** PROVIDED RECORDS follows **
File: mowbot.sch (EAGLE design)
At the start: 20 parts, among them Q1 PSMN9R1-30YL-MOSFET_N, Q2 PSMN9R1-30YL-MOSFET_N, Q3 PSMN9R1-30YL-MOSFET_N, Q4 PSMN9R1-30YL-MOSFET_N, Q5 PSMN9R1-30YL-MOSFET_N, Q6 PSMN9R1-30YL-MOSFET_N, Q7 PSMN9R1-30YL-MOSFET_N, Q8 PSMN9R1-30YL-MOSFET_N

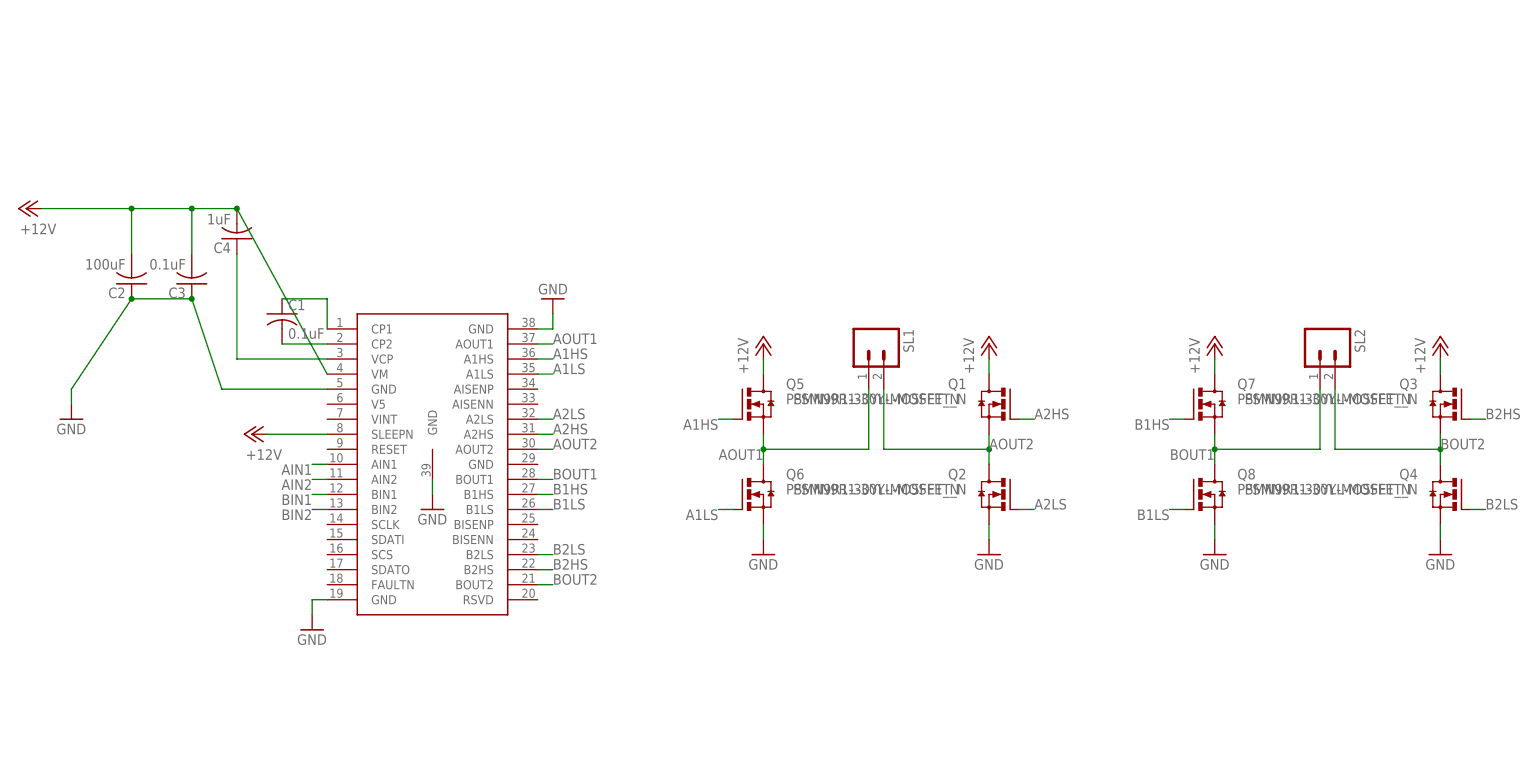
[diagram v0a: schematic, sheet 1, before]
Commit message: Arranged power FETs
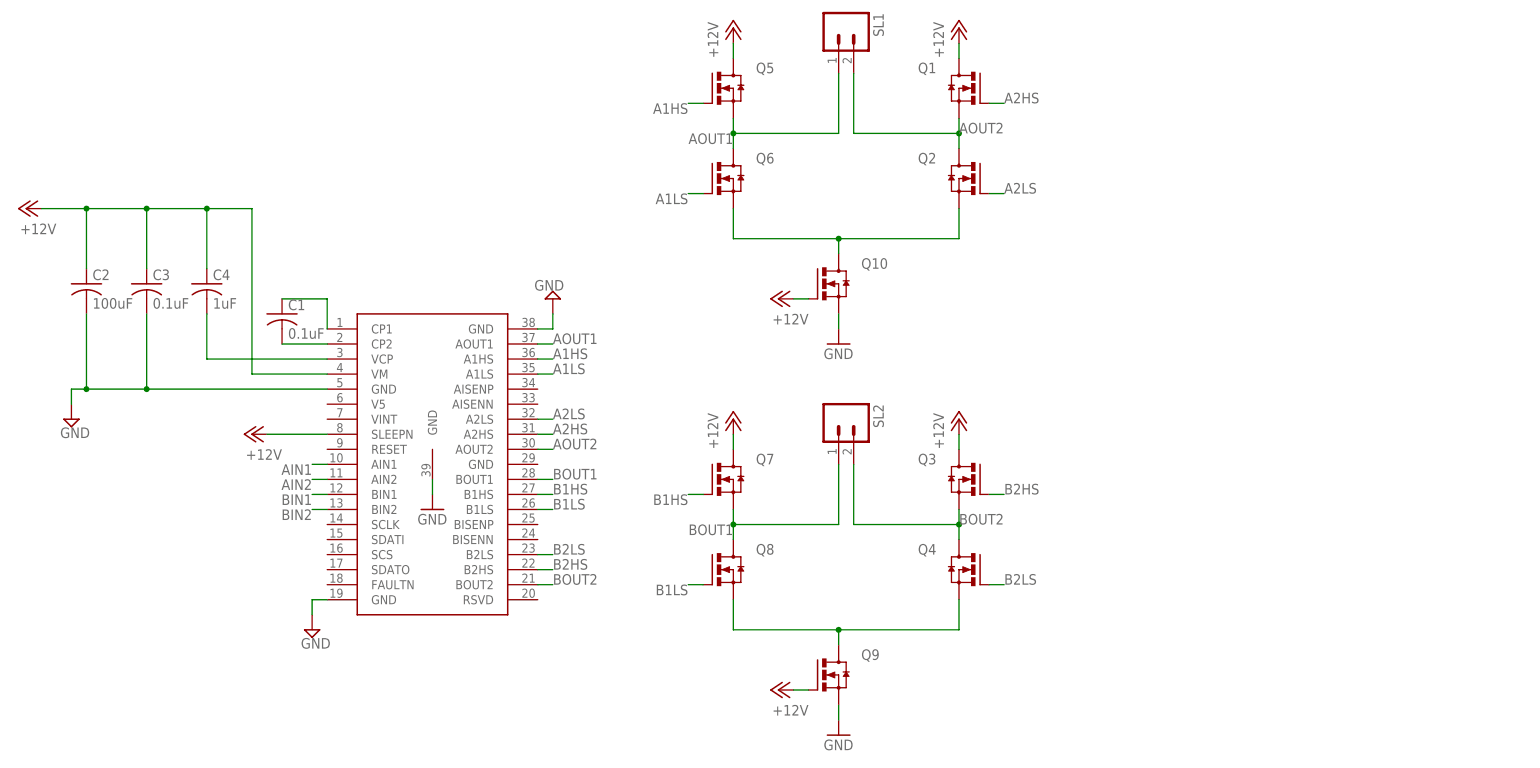
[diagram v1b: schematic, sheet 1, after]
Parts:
- added Q10, Q9: PSMN9R1-30YL-MOSFET_N, PSMN9R1-30YL_MOSFET_N:PSMN9R1-30YL-MOSFET_N
- added Q11: N-HEXFET_SOT323-, transistor-power:N-HEXFET_SOT323-
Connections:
- removed net N$7: C4.1, U$1.VCP
- new net N$2: C4.2, U$1.VCP
- new net N$4: Q4.S, Q8.S, Q9.D
- new net N$9: Q10.D, Q2.S, Q6.S
- net +12V: now also C2.1, C3.1, C4.1, Q10.G, Q11.G, Q9.G; no longer C2.2, C3.2, C4.2
- net GND: now also C2.2, C3.2, Q10.S, Q11.D, Q11.S, Q9.S; no longer C2.1, C3.1, Q2.S, Q4.S, Q6.S, Q8.S
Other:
- moved on the sheet: C2, C3, C4, Q1, Q2, Q3, Q4, Q5, Q6, Q7, Q8, SL1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

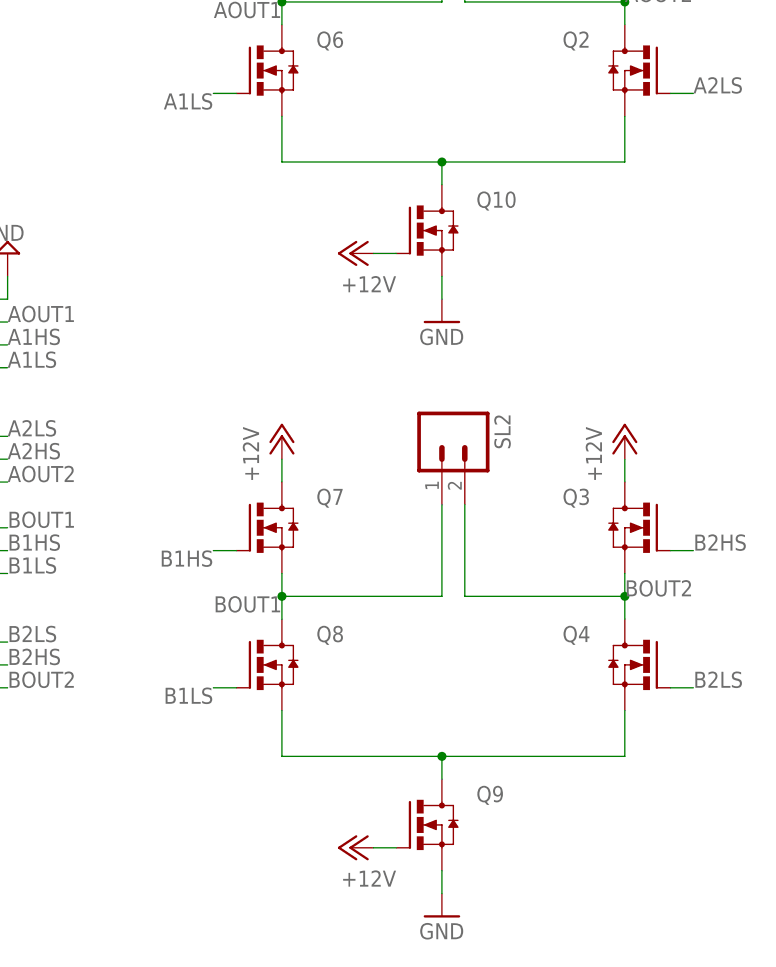
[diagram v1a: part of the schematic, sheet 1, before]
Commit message: Added reverse battery protection
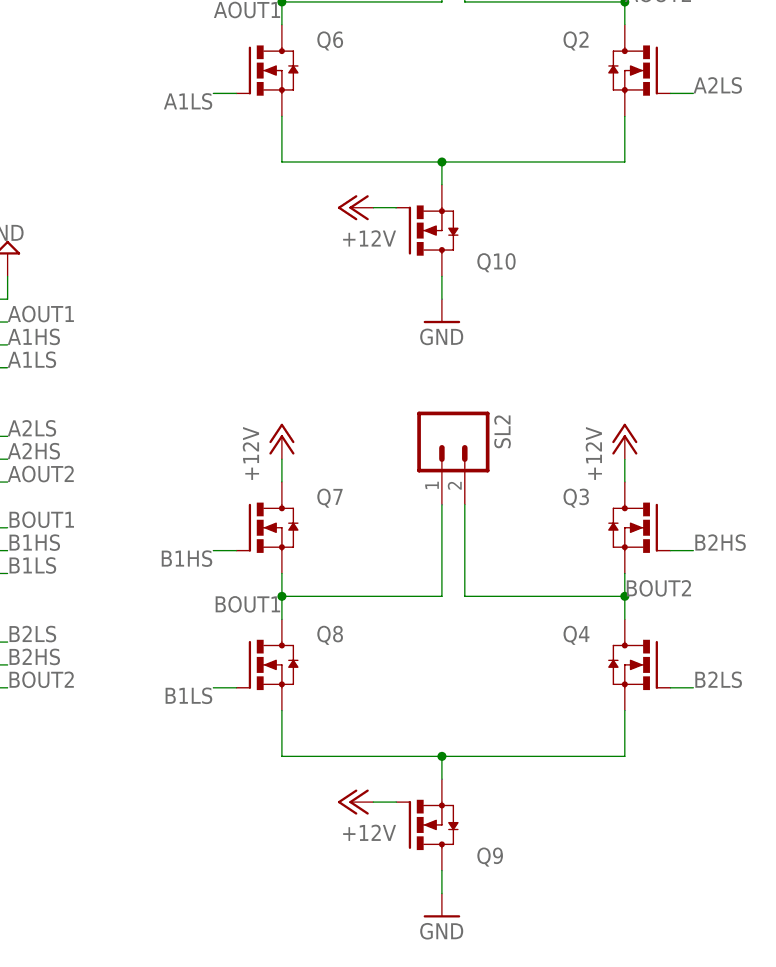
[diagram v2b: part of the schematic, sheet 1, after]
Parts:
- Q11: value N-HEXFET_SOT323- -> DMG2302UK-NMOSFET; device transistor-power:N-HEXFET_SOT323- -> DMG2302UK_NMOSFET:DMG2302UK-NMOSFET
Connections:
- net GND: now also Q10.D, Q9.D; no longer Q10.S, Q9.S
- net N$4: now also Q9.S; no longer Q9.D
- net N$9: now also Q10.S; no longer Q10.D
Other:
- moved on the sheet: Q10, Q9
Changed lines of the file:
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@@
 <part name="SUPPLY6" library="supply2" deviceset="GND" device=""/>
 <part name="SUPPLY7" library="supply2" deviceset="GND" device=""/>
-<part name="Q11" library="transistor-power" deviceset="N-HEXFET_?-*" device="SOT323"/>
+<part name="Q11" library="DMG2302UK_NMOSFET" deviceset="DMG2302UK-NMOSFET" device=""/>
 <part name="GND4" library="supply1" deviceset="GND" device=""/>
 <part name="P+10" library="supply1" deviceset="+12V" device=""/>
@@
 <instance part="C4" gate="G$1" x="-10.16" y="71.12"/>
 <instance part="P+6" gate="1" x="-2.54" y="45.72" rot="R90"/>
-<instance part="Q9" gate="G$1" x="93.98" y="5.08" smashed="yes">
-<attribute name="NAME" x="100.33" y="7.62" size="1.778" layer="95"/>
-</instance>
-<instance part="Q10" gate="G$1" x="93.98" y="71.12" smashed="yes">
-<attribute name="NAME" x="100.33" y="73.66" size="1.778" layer="95"/>
+<instance part="Q9" gate="G$1" x="93.98" y="5.08" smashed="yes" rot="MR180">
+<attribute name="NAME" x="100.33" y="2.54" size="1.778" layer="95" rot="MR180"/>
+</instance>
+<instance part="Q10" gate="G$1" x="93.98" y="71.12" smashed="yes" rot="MR180">
+<attribute name="NAME" x="100.33" y="68.58" size="1.778" layer="95" rot="MR180"/>
 </instance>
 <instance part="GND2" gate="1" x="96.52" y="-5.08"/>
-<instance part="P+8" gate="1" x="86.36" y="2.54" rot="R90"/>
+<instance part="P+8" gate="1" x="86.36" y="7.62" rot="R90"/>
 <instance part="GND3" gate="1" x="96.52" y="60.96"/>
-<instance part="P+9" gate="1" x="86.36" y="68.58" rot="R90"/>
+<instance part="P+9" gate="1" x="86.36" y="73.66" rot="R90"/>
 <instance part="SUPPLY5" gate="GND" x="-33.02" y="48.26"/>
 <instance part="SUPPLY6" gate="GND" x="7.62" y="12.7"/>
@@
 </segment>
 <segment>
+<pinref part="Q9" gate="G$1" pin="G"/>
 <pinref part="P+8" gate="1" pin="+12V"/>
-<pinref part="Q9" gate="G$1" pin="G"/>
-<wire x1="88.9" y1="2.54" x2="91.44" y2="2.54" width="0.1524" layer="91"/>
-</segment>
-<segment>
+<wire x1="91.44" y1="7.62" x2="88.9" y2="7.62" width="0.1524" layer="91"/>
+</segment>
+<segment>
+<pinref part="P+9" gate="1" pin="+12V"/>
 <pinref part="Q10" gate="G$1" pin="G"/>
-<pinref part="P+9" gate="1" pin="+12V"/>
-<wire x1="91.44" y1="68.58" x2="88.9" y2="68.58" width="0.1524" layer="91"/>
+<wire x1="88.9" y1="73.66" x2="91.44" y2="73.66" width="0.1524" layer="91"/>
 </segment>
 </net>
@@
 <pinref part="U$1" gate="G$1" pin="GND@5"/>
 <wire x1="27.94" y1="35.56" x2="27.94" y2="38.1" width="0.1524" layer="91"/>
-</segment>
-<segment>
-<pinref part="Q9" gate="G$1" pin="S"/>
-<pinref part="GND2" gate="1" pin="GND"/>
-<wire x1="96.52" y1="0" x2="96.52" y2="-2.54" width="0.1524" layer="91"/>
-</segment>
-<segment>
-<pinref part="Q10" gate="G$1" pin="S"/>
-<pinref part="GND3" gate="1" pin="GND"/>
-<wire x1="96.52" y1="66.04" x2="96.52" y2="63.5" width="0.1524" layer="91"/>
 </segment>
 <segment>
@@
 <pinref part="SUPPLY7" gate="GND" pin="GND"/>
 </segment>
+<segment>
+<pinref part="GND2" gate="1" pin="GND"/>
+<pinref part="Q9" gate="G$1" pin="D"/>
+<wire x1="96.52" y1="-2.54" x2="96.52" y2="0" width="0.1524" layer="91"/>
+</segment>
+<segment>
+<pinref part="Q10" gate="G$1" pin="D"/>
+<pinref part="GND3" gate="1" pin="GND"/>
+<wire x1="96.52" y1="66.04" x2="96.52" y2="63.5" width="0.1524" layer="91"/>
+</segment>
 </net>
 <net name="A1LS" class="0">
@@
 <pinref part="Q8" gate="G$1" pin="S"/>
 <wire x1="78.74" y1="12.7" x2="78.74" y2="17.78" width="0.1524" layer="91"/>
-<pinref part="Q9" gate="G$1" pin="D"/>
-<wire x1="96.52" y1="10.16" x2="96.52" y2="12.7" width="0.1524" layer="91"/>
-<wire x1="96.52" y1="12.7" x2="78.74" y2="12.7" width="0.1524" layer="91"/>
 <pinref part="Q4" gate="G$1" pin="S"/>
 <wire x1="116.84" y1="12.7" x2="116.84" y2="17.78" width="0.1524" layer="91"/>
+<wire x1="78.74" y1="12.7" x2="96.52" y2="12.7" width="0.1524" layer="91"/>
+<pinref part="Q9" gate="G$1" pin="S"/>
 <wire x1="96.52" y1="12.7" x2="116.84" y2="12.7" width="0.1524" layer="91"/>
+<wire x1="96.52" y1="10.16" x2="96.52" y2="12.7" width="0.1524" layer="91"/>
 <junction x="96.52" y="12.7"/>
 </segment>
@@
 <net name="N$9" class="0">
 <segment>
-<pinref part="Q10" gate="G$1" pin="D"/>
-<wire x1="96.52" y1="76.2" x2="96.52" y2="78.74" width="0.1524" layer="91"/>
 <pinref part="Q2" gate="G$1" pin="S"/>
+<wire x1="78.74" y1="78.74" x2="96.52" y2="78.74" width="0.1524" layer="91"/>
 <wire x1="96.52" y1="78.74" x2="116.84" y2="78.74" width="0.1524" layer="91"/>
 <wire x1="116.84" y1="78.74" x2="116.84" y2="83.82" width="0.1524" layer="91"/>
 <pinref part="Q6" gate="G$1" pin="S"/>
-<wire x1="96.52" y1="78.74" x2="78.74" y2="78.74" width="0.1524" layer="91"/>
 <wire x1="78.74" y1="78.74" x2="78.74" y2="83.82" width="0.1524" layer="91"/>
+<pinref part="Q10" gate="G$1" pin="S"/>
+<wire x1="96.52" y1="76.2" x2="96.52" y2="78.74" width="0.1524" layer="91"/>
 <junction x="96.52" y="78.74"/>
 </segment>
@@
 <instance part="SUPPLY3" gate="GND" x="93.98" y="91.44"/>
 <instance part="SUPPLY4" gate="GND" x="48.26" y="81.28" rot="R180"/>
-<instance part="Q11" gate="G$1" x="101.6" y="50.8"/>
-<instance part="GND4" gate="1" x="104.14" y="38.1"/>
-<instance part="P+10" gate="1" x="91.44" y="48.26" rot="R90"/>
+<instance part="Q11" gate="G$1" x="101.6" y="50.8" smashed="yes" rot="MR180">
+<attribute name="NAME" x="107.95" y="48.26" size="1.778" layer="95" rot="MR180"/>
+</instance>
+<instance part="GND4" gate="1" x="104.14" y="40.64"/>
+<instance part="P+10" gate="1" x="93.98" y="53.34" rot="R90"/>
 <instance part="SUPPLY8" gate="GND" x="104.14" y="60.96" rot="R180"/>
 </instances>
@@
 </segment>
 <segment>
+<pinref part="P+10" gate="1" pin="+12V"/>
 <pinref part="Q11" gate="G$1" pin="G"/>
-<pinref part="P+10" gate="1" pin="+12V"/>
-<wire x1="99.06" y1="48.26" x2="93.98" y2="48.26" width="0.1524" layer="91"/>
+<wire x1="96.52" y1="53.34" x2="99.06" y2="53.34" width="0.1524" layer="91"/>
 </segment>
 </net>
@@
 <segment>
 <pinref part="SUPPLY8" gate="GND" pin="GND"/>
+<pinref part="Q11" gate="G$1" pin="S"/>
+<wire x1="104.14" y1="58.42" x2="104.14" y2="55.88" width="0.1524" layer="91"/>
+</segment>
+<segment>
 <pinref part="Q11" gate="G$1" pin="D"/>
-<wire x1="104.14" y1="58.42" x2="104.14" y2="55.88" width="0.1524" layer="91"/>
-</segment>
-<segment>
-<pinref part="Q11" gate="G$1" pin="S"/>
 <pinref part="GND4" gate="1" pin="GND"/>
-<wire x1="104.14" y1="45.72" x2="104.14" y2="40.64" width="0.1524" layer="91"/>
-</segment>
-</net>
+<wire x1="104.14" y1="45.72" x2="104.14" y2="43.18" width="0.1524" layer="91"/>
+</segment>
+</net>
** End of PROVIDED RECORDS **
For each line of the data that has the word "power", report that line.

→ **FINISHED EXERCISE**
Commit message: Arranged power FETs
- added Q11: N-HEXFET_SOT323-, transistor-power:N-HEXFET_SOT323-
- Q11: value N-HEXFET_SOT323- -> DMG2302UK-NMOSFET; device transistor-power:N-HEXFET_SOT323- -> DMG2302UK_NMOSFET:DMG2302UK-NMOSFET
-<part name="Q11" library="transistor-power" deviceset="N-HEXFET_?-*" device="SOT323"/>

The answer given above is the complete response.